Latency analysis indicates that non-retrieval models have high computational overhead, while retrieval-based methods are faster; EgoMAS attains the highest accuracy among retrieval baselines with approximately 1.3 seconds per query on 100-sample averages (Kim et al., 10 Mar 2026). Visual modality helps in some categories—improving SI, TR, and EI for EgoMAS—but may distract in TC and ToM if not selectively filtered (Kim et al., 10 Mar 2026). A plausible implication is that modality selection, not merely multimodal inclusion, is a principal systems challenge for long-horizon multi-agent QA.
Relative to earlier work, the paper positions MA-EgoQA against egocentric QA and long-video understanding datasets such as EgoSchema, EgoThink, EgoToM, EgoExoLearn, and EgoLifeQA, as well as multi-agent embodied systems such as CoELA, Co-NavGPT, ACE, and PARTNR (Kim et al., 10 Mar 2026). MA-EgoQA differs by requiring reasoning over multiple temporally aligned ego streams across seven days, with explicit concurrency and cross-stream alignment. The paper states that EgoLifeQA is single-agent and that MA-EgoQA is the first benchmark to evaluate QA on multiple, temporally aligned ego streams spanning seven days (Kim et al., 10 Mar 2026).

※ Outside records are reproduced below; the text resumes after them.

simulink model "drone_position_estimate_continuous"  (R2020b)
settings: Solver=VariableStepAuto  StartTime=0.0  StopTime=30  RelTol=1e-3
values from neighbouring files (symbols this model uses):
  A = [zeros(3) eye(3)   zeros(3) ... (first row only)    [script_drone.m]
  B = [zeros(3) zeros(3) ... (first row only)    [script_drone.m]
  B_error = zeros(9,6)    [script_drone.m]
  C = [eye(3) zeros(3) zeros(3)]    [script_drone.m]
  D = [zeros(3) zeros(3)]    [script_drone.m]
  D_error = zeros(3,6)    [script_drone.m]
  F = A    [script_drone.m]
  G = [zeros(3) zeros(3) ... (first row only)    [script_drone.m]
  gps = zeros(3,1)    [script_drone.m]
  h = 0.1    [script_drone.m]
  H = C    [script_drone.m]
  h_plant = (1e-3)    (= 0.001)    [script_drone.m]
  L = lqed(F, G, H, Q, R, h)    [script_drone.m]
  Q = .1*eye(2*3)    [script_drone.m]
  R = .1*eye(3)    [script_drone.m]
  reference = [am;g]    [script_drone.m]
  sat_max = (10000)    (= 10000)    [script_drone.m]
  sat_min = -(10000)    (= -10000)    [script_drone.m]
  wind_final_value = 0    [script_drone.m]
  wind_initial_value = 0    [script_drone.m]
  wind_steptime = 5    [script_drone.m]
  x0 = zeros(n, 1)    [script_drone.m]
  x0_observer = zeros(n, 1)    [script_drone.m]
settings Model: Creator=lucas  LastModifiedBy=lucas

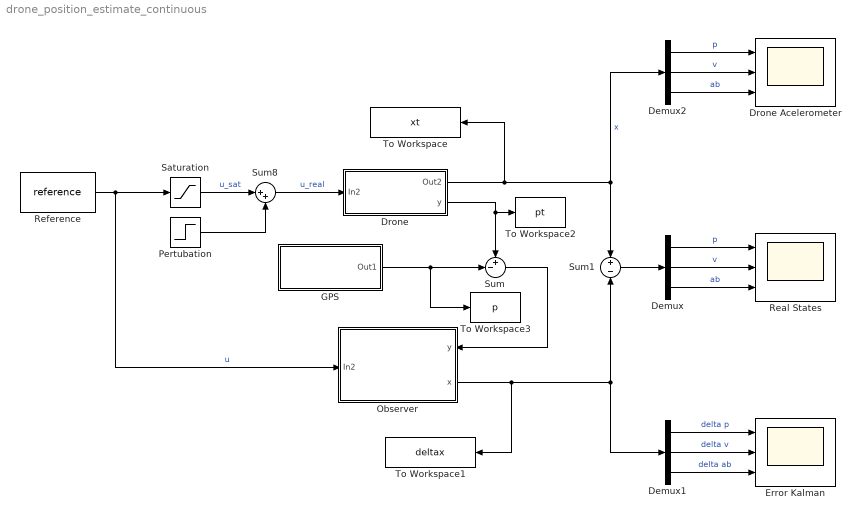
== system drone_position_estimate_continuous ==
  Demux : Demux  Outputs=3
  Demux1 : Demux  Outputs=3
  Demux2 : Demux  Outputs=3
  Drone : Subsystem
  Drone Acelerometer : Scope  NumInputPorts=3
  Error Kalman : Scope  NumInputPorts=3
  GPS : Subsystem
  Observer : Subsystem
      settings: PortSchema="{\"entries\":[{\"content\":{\"sides\":[{\"content\":{\"connectorIds\":[\"In1\"]},\"type\":\"ConnectorPlacement.EquallySpacedRectSide\",\"uuid\":\"b6dae28a-5485-44ef-84e6-2d14792229e7\"},{\"content\":{\"connectorIds\":[\"In2\",\"Out1\"],\"side\":\"RIGHT\"},\"type\":\"ConnectorPlacement.EquallySpacedRectSide\",\"uuid\":\"53a86c87-87d1-415f-9895-91b2b6ac7daf\"},{\"content\":{\"connectorIds\":[],\"side\":\"TOP\"},\"type\":\"ConnectorPlacement.EquallySpacedRectSide\",\"uuid\":\"c2916f3e-51bf-40f4-b6cd-eee6b60c38ec\"},{\"content\":{\"connectorIds\":[],\"side\":\"HIDDEN\"},\"type\":\"ConnectorPlacement.EquallySpacedRectSide\",\"uuid\":\"c85aafdf-e330-4d8d-a14a-206e12d7d836\"}]},\"type\":\"ConnectorPlacement.EquallySpacedConnector\",\"uuid\":\"08a8a426-31b9-42c2-8372-de3a4deaf2af\"}],\"packageUris\":[\"http://schema.mathworks.com/mf0/Connector/R2020b\"],\"version\":\"1.0\"}"
  Pertubation : Step  Time=wind_steptime  Before=wind_initial_value  After=wind_final_value  SampleTime=h_plant
  Real States : Scope  NumInputPorts=3
  Reference : Constant  Value=reference  SampleTime=h
  Saturation : Saturate  UpperLimit=sat_max  LowerLimit=sat_min
  Sum : Sum  Inputs=+-|
  Sum1 : Sum  Inputs=+|-
  Sum8 : Sum  Inputs=|++
  To Workspace : ToWorkspace  VariableName=xt  SaveFormat=Timeseries  SampleTime=-1
  To Workspace1 : ToWorkspace  VariableName=deltax  SaveFormat=Timeseries  SampleTime=-1
  To Workspace2 : ToWorkspace  VariableName=pt  SaveFormat=Timeseries  SampleTime=-1
  To Workspace3 : ToWorkspace  VariableName=p  SaveFormat=Timeseries  SampleTime=-1
  wires:
  Demux/3 -> Real States/3  "ab"
  Demux/1 -> Real States/1  "p"
  Demux/2 -> Real States/2  "v"
  Reference/1 -> Saturation/1, Observer/1(In2)  "u"
  Saturation/1 -> Sum8/1  "u_sat"
  Pertubation/1 -> Sum8/2
  Sum8/1 -> Drone/1(In2)  "u_real"
  Drone/2(y) -> To Workspace2/1, Sum/1
  Sum/1 -> Observer/2(y)
  Sum1/1 -> Demux/1
  Drone/1(Out2) -> To Workspace/1, Demux2/1, Sum1/1  "x"
  GPS/1(Out1) -> To Workspace3/1, Sum/2
  Observer/1(x) -> To Workspace1/1, Sum1/2, Demux1/1
  Demux1/1 -> Error Kalman/1  "delta p"
  Demux1/2 -> Error Kalman/2  "delta v"
  Demux1/3 -> Error Kalman/3  "delta ab"
  Demux2/3 -> Drone Acelerometer/3  "ab"
  Demux2/1 -> Drone Acelerometer/1  "p"
  Demux2/2 -> Drone Acelerometer/2  "v"

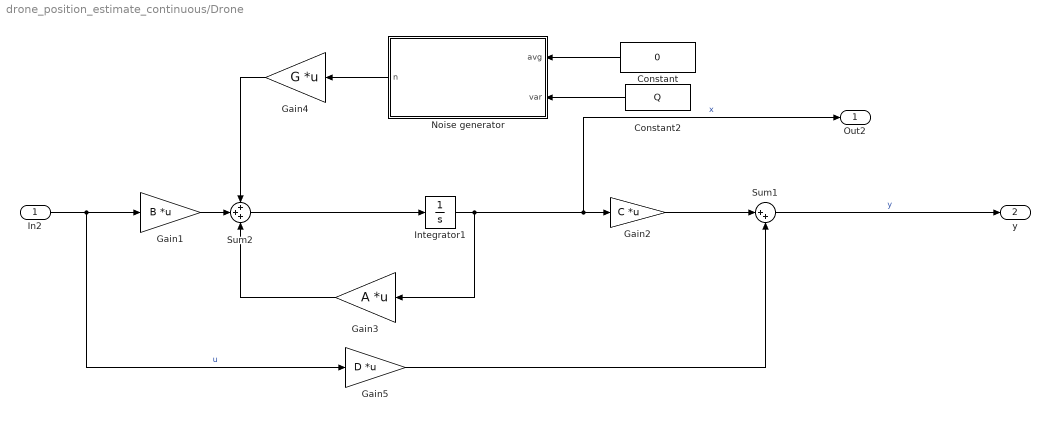
== system drone_position_estimate_continuous/Drone ==
  In2 : Inport
  Constant : Constant  Value=0  VectorParams1D=off
  Constant2 : Constant  Value=Q
  Gain1 : Gain  Gain=B  Multiplication=Matrix(K*u) (u vector)
  Gain2 : Gain  Gain=C  Multiplication=Matrix(K*u) (u vector)
  Gain3 : Gain  Gain=A  Multiplication=Matrix(K*u) (u vector)
  Gain4 : Gain  Gain=G  Multiplication=Matrix(K*u) (u vector)
  Gain5 : Gain  Gain=D  Multiplication=Matrix(K*u) (u vector)
  Integrator1 : Integrator  InitialCondition=x0
  Noise generator : MATLAB Function  TreatAsAtomicUnit=on
  Sum1 : Sum  Inputs=|++
  Sum2 : Sum  Inputs=+++
  Out2 : Outport
  y : Outport  Port=2
  wires:
  Sum2/1 -> Integrator1/1
  Gain2/1 -> Sum1/1
  Sum1/1 -> y/1  "y"
  In2/1 -> Gain5/1, Gain1/1  "u"
  Integrator1/1 -> Gain3/1, Out2/1, Gain2/1  "x"
  Gain1/1 -> Sum2/2
  Gain3/1 -> Sum2/3
  Noise generator/1(n) -> Gain4/1
  Gain4/1 -> Sum2/1
  Constant/1 -> Noise generator/1(avg)
  Constant2/1 -> Noise generator/2(var)
  Gain5/1 -> Sum1/2

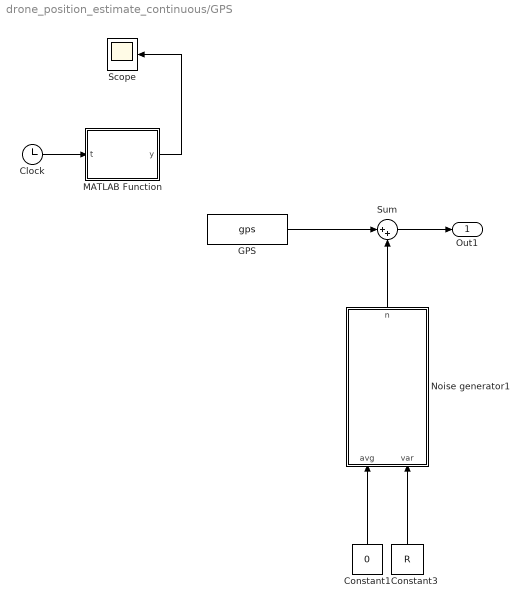
== system drone_position_estimate_continuous/GPS ==
  Clock : Clock
  Constant1 : Constant  Value=0
  Constant3 : Constant  Value=R
  GPS : Constant  Value=gps  VectorParams1D=off  SampleTime=h
  MATLAB Function : MATLAB Function  TreatAsAtomicUnit=on
  Noise generator1 : MATLAB Function  TreatAsAtomicUnit=on
  Scope : Scope
  Sum : Sum  Inputs=|++
  Out1 : Outport
  wires:
  Noise generator1/1(n) -> Sum/2
  Constant3/1 -> Noise generator1/2(var)
  Constant1/1 -> Noise generator1/1(avg)
  Sum/1 -> Out1/1
  Clock/1 -> MATLAB Function/1(t)
  MATLAB Function/1(y) -> Scope/1
  GPS/1 -> Sum/1

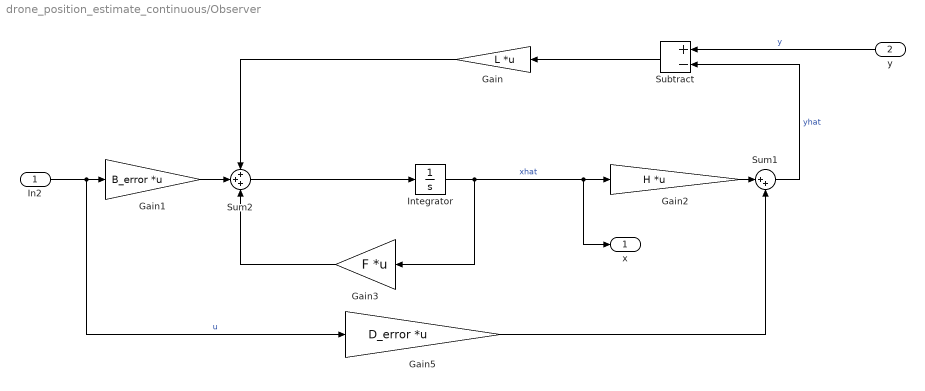
== system drone_position_estimate_continuous/Observer ==
  In2 : Inport
  y : Inport  Port=2
  Gain : Gain  Gain=L  Multiplication=Matrix(K*u) (u vector)
  Gain1 : Gain  Gain=B_error  Multiplication=Matrix(K*u) (u vector)
  Gain2 : Gain  Gain=H  Multiplication=Matrix(K*u) (u vector)
  Gain3 : Gain  Gain=F  Multiplication=Matrix(K*u) (u vector)
  Gain5 : Gain  Gain=D_error  Multiplication=Matrix(K*u) (u vector)
  Integrator : Integrator  InitialCondition=x0_observer
  Subtract : Sum  Inputs=+-
  Sum1 : Sum  Inputs=|++
  Sum2 : Sum  Inputs=+++
  x : Outport
  wires:
  Gain5/1 -> Sum1/2
  In2/1 -> Gain5/1, Gain1/1  "u"
  Sum2/1 -> Integrator/1
  Gain3/1 -> Sum2/3
  Integrator/1 -> Gain3/1, x/1, Gain2/1  "xhat"
  Gain1/1 -> Sum2/2
  Gain2/1 -> Sum1/1
  y/1 -> Subtract/1  "y"
  Sum1/1 -> Subtract/2  "yhat"
  Subtract/1 -> Gain/1
  Gain/1 -> Sum2/1

== matlab function drone_position_estimate_continuous/GPS/Noise generator1 ==
  data: avg input; n output; var input
function n = generate_gaussian_noise(avg, var)
n = avg + var*randn(length(var), 1);

== matlab function drone_position_estimate_continuous/Drone/Noise generator ==
  data: avg input; n output; var input
function n = generate_gaussian_noise(avg, var)
n = avg + var*randn(length(var), 1);

== matlab function drone_position_estimate_continuous/GPS/MATLAB Function ==
  data: t input; y output; x0 parameter
function y = fcn(t, x0)
    y = [0;0;(x0(3) + x0(6)*t -9.98*(t^2)/2)];

The reported limitations are concrete. The dataset is built only on EgoLife, involving six people, one shared house, and seven days, so broader environments and agent types are needed to test generalization (Kim et al., 10 Mar 2026). Egocentric video also raises privacy concerns because it contains personally identifiable information and private domestic scenes; usage should comply with the source dataset’s privacy policies, consent conditions, and licensing (Kim et al., 10 Mar 2026). The paper further identifies scaling challenges in large token contexts, the inefficiency of naive concatenation, and the importance of retrieval quality and modality selection. Future advances suggested by the authors include stronger or hybrid retrievers, improved shared-memory aggregation beyond 4W1H, cross-agent reasoning protocols, and adaptive multimodality (Kim et al., 10 Mar 2026).